20 a. Hak atas tanah yang dibebani dengan hak tanggungan tetap menjadi milik debitur (pemberi hak tanggungan), tidak ber alih kepada kreditur (penerima hak tanggungan). Berdasarkan ketentuan Pasal 1457 KUHPerdata maupun berdasarkan pendapat yang disampaikan oleh para ahli hukum, jual beli terhadap hak atas tanah yang masih dibebani dengan hak tanggungan yang dilakukan oleh pemberi hak tanggungan pada dasarnya telah sah dan berlaku sejak adanya kesepakatan antara penjual dan pembeli tentang barang dan harga, meski pembayaran atau penyerahan barang belum dilakukan. Jual beli tersebut telah memenuhi 3 (tiga) unsur syarat terjadinya perjanjian jual beli, yaitu adanya subyek hukum antara penjual dan pembeli, adanya kesepakatan antara penjual dan pembeli tentang barang dan harga, kemudian hal tersebut menimbulkan hak dan kewajiban antara pihak penjual dan pembeli untuk membayar harga dan menyerahkan obyek jual beli. Meskipun jual beli obyek jaminan hak tanggungan adalah sah, namun hak atas tanah tersebut tidak serta merta beralih kepada pembeli sebab proses penyerahan atas obyek jual beli tersebut belum terjadi sampai dilakukan melalui akta PPAT. b.
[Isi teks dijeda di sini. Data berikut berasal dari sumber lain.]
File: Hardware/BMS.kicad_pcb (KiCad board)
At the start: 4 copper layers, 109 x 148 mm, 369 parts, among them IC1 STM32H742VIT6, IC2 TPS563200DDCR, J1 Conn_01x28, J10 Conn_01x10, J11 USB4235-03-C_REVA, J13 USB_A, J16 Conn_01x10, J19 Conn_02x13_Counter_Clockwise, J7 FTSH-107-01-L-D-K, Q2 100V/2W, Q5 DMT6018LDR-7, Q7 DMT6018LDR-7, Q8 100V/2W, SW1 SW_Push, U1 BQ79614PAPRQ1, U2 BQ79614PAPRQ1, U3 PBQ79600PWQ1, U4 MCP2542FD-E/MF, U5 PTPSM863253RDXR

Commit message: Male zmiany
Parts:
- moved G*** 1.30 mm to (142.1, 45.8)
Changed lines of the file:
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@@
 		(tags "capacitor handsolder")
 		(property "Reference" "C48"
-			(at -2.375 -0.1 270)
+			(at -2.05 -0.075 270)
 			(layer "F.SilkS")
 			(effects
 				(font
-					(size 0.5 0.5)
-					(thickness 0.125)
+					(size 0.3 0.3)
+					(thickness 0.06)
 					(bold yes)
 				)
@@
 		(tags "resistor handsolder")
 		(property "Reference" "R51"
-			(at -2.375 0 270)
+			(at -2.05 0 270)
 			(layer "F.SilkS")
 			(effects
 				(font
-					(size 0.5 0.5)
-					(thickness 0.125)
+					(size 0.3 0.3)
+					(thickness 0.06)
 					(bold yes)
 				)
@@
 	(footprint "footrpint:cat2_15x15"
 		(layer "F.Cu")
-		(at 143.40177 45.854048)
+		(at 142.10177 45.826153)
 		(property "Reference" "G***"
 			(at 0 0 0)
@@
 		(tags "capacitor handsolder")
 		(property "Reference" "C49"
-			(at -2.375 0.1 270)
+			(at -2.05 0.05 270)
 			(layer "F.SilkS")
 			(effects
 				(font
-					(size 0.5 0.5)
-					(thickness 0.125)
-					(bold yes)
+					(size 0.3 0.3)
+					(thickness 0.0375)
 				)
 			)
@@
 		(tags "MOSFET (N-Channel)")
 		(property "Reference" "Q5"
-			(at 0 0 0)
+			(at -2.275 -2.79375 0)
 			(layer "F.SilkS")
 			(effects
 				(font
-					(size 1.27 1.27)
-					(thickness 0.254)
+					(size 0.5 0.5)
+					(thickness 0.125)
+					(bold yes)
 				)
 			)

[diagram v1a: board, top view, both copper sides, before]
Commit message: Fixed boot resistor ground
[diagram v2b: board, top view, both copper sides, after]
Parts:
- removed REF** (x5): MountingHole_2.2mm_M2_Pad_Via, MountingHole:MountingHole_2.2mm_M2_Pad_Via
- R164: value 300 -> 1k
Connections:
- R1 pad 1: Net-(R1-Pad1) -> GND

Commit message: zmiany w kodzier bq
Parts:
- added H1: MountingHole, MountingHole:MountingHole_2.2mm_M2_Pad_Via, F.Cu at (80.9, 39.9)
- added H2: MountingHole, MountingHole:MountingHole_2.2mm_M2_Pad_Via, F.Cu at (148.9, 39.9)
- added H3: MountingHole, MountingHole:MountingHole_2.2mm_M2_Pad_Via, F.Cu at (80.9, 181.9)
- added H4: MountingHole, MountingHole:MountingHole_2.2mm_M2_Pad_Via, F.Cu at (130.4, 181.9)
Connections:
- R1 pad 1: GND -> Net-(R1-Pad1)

Kedudukan hukum pihak ketiga (pembeli) hak atas tanah yang menjadi obyek jaminan hak tanggungan apabila jual beli dilaksanakan tanpa persetujuan dari kreditur pemegang hak tanggungan yakni berada dalam posisi yang sangat lemah, sebab jual beli tersebut hanya dapat dilakukan di bawah tangan dan pembeli tidak memiliki hak istimewa sehingga rawan dieksekusi oleh penerima hak tanggungan. Salah satu langkah yang dapat ditempuh oleh para pihak adalah melalui penyelesaian secara kekeluargaan atau mediasi dengan tujuan pihak pembeli harus menunjukkan itikad baik membantu debitur untuk melunasi utangnya kepada kreditur pemegang hak tanggungan. Pelunasan utang debitur kepada kreditur akan menghapus perjanjian pokok, sehingga perjanjian hak tanggungan akan ikut menjadi hapus,

21 dengan demikian dapat dilakukan roya terhadap sertifikat hak tanggungan. 4.2. Saran a. Jual beli obyek jaminan hak tanggungan harus dilakukan berdasarkan kesepakatan semua pihak secara tertulis, sehingga hal tersebut akan memberikan kekuatan hukum baik bagi kreditur, debitur atau pihak ketiga (pembeli obyek jaminan hak tanggungan). Kekuatan hukum bagi kreditur adalah dia dapat melakukan pengawasan terhadap proses penjualan obyek tersebut, sehingga setelah proses jual beli terjadi dapat langsung diambil hasil penjualan tersebut untuk memenuhi utang debitur. Kekuatan hukum bagi pembeli adalah secepat mungkin dapat menerima penyerahan obyek dari penjual, sehingga peralihan kepemilikan atas obyek jual beli dapat terjadi tanpa menimbulkan resiko kerugian. b. Jual beli obyek jaminan hak tanggungan yang dilakukan tanpa persetujuan kreditur menyebabkan pihak pembeli berada dalam posisi yang sangat lemah dan beresiko besar kehilangan obyek yang telah dibayarnya. Oleh karena itu pembeli obyek jaminan hak tanggungan harus memeriksa berkas obyek yang hendak dibeli agar terhindar dari masalah sengketa dengan pihak lain. Apabila jual beli tersebut telah terlanjur dilaksanakan, pembeli harus membantu penjual (debitur) untuk segera melunasi utang kepada kreditur dan meningkatkan langkahlangkah kekeluargaan dalam menyelesaikan perkara tersebut. Pemerintah dapat membantu kedudukan para pihak dengan menerbitkan peraturan yang mengatur bahwa pengalihan obyek jaminan hak tanggungan harus dilakukan berdasarkan kesepakatan semua pihak, serta adanya sanksi baik administratif atau pidana bagi pihak-pihak yang melanggarnya. Dengan demikian akan tercipta tertib hukum agraria secara maksimal.